I de-soldered every joint inside the main cavity and re-soldered everything, including all the grounds, the connections to the pickup switch and volume pot, and the series links for each pick-up. I also gave everything a good splashing of De-Oxit Pro-Gold.

The good news is that the noisy/scratchy volume pot is fixed. That spray really is amazing.

There were several cold solder joints, and one joint had been over-soldered, and the solder had worked it's way too close to the insulation, and it was about the break anyway, so I'm glad I did this.

However, the SD JB is still weak. I was able to trace it and it's definitely the JB. Oddly, it's not as bad as it was before, but it's still not right. WAY bright without enough gain.

As I'm writing this, I thought of a test. I could short across the pickup selection switch to see if that helps the sound. If it does, I know I need to clean the switch better, or replace it. Back to the garage....
 
Contacts across the switch read as low as 1 ohm, with the majority of that resistance coming from the connection between my test probe and the contact, as best I can tell, so I'm pretty sure the problem is not the switch.
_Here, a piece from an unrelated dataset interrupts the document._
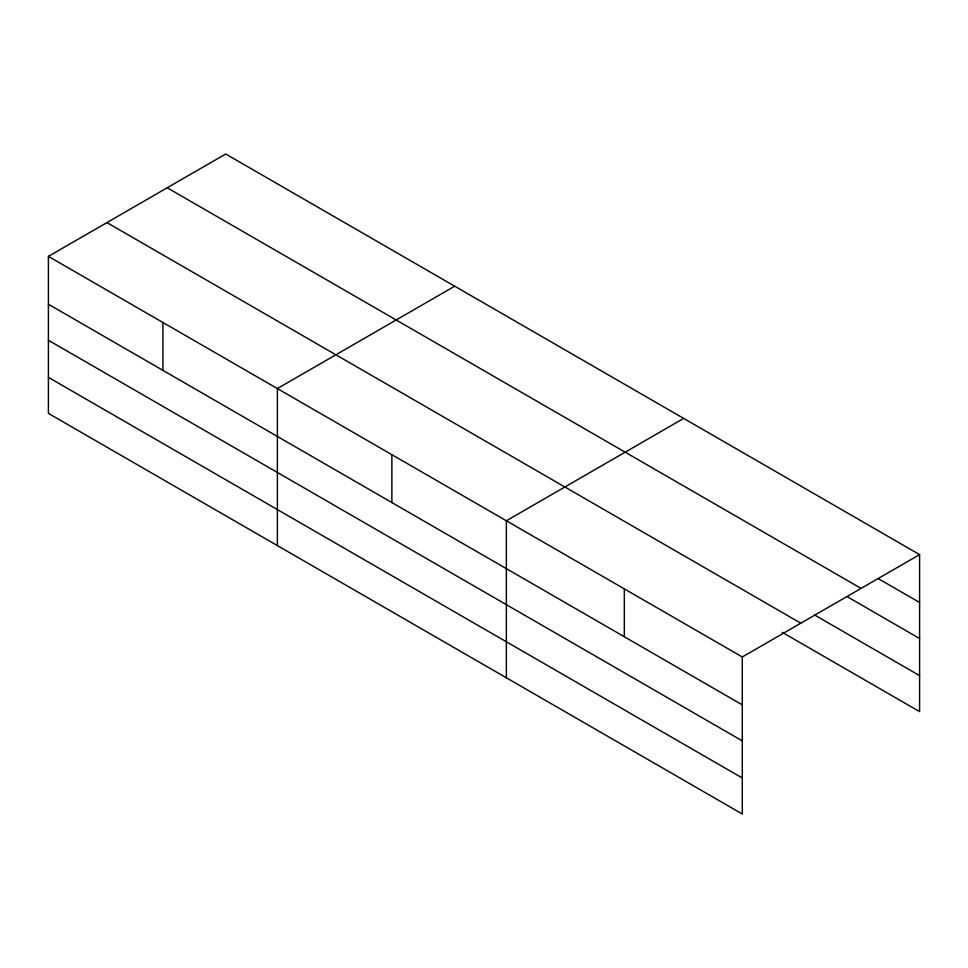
<?xml version="1.0" encoding="UTF-8"?>
<svg xmlns="http://www.w3.org/2000/svg" width="968" height="968" viewBox="0 0 968 968"><rect width="100%" height="100%" fill="white"/><g stroke="black" fill="none" stroke-linecap="round" stroke-linejoin="round"><path stroke-width="1.45" d="M48.4 256.375L742.287 656.982L742.287 814.003L48.4 413.384L48.4 256.375L225.713 153.997L919.6 554.616L919.6 711.625L782.192 632.298M454.694 286.201L277.38 388.567L277.38 545.589M683.674 418.406L506.361 520.772L506.361 677.794M742.287 656.982L919.6 554.616M878.121 578.537L919.6 602.483M167.198 187.78L861.084 588.399M847.012 596.591L919.6 638.505M814.596 614.995L919.6 675.616M106.916 222.592L800.802 623.198M48.4 304.242L742.287 704.861M48.4 340.264L742.287 740.871M48.4 377.375L742.287 777.982M624.324 588.883L624.324 636.75M391.871 454.67L391.871 502.549M162.89 322.477L162.89 370.345"/></g></svg>

Also, in re-tracing the wires - I was wrong. The JB pick-up is the one that's working, and the Full Shred pick-up is the one that is NOT working properly. I had made the wrong assumption about the way the switch operated. And now that I've tested the switch, I found the mistake.

I found a wiring diagram that is exactly the same as my guitar, and I checked every last wire one more time. With two humbuckers, one volume, and only a simple 3-way, it's as simple as it gets!
HERE: http://www.seymourduncan.com/support/wiring-diagrams/schematics.php?schematic=2h_1v_3w

I re-set the heights of the pick-ups to 3/32", as recommended by S/D.

Is there a convention that should be followed as far as which side of the pick-up goes toward the bridge and which side goes toward the neck? Could that possibly be the problem? In the picture of the Full Shred pick-up (see links below) the bridge would be toward the bottom of the page, with the "window" into the copper windings toward the LOW E string. The JB is the opposite - the "window" is toward the HIGH E string. Does this matter?
http://www.guitarelectronics.com/pr...l_Shred_Bridge_Position_Humbucker__Black.html
http://www.guitarelectronics.com/product/SH4B/Seymour_Duncan_JB_Model_Humbucker__Black.html

The best way I can describe the sound is out of phase. It's quiet and body-less. Bright and cold.

But, I think I've found the nail in the coffin. According to Seymour Duncan's website, you can measure the impedance across the pick-ups to determine their health. The JB measures 16.4kOhm, just as expected. The Full Shred shows no continuity - none at all. Time to replace the pick-up. DOH!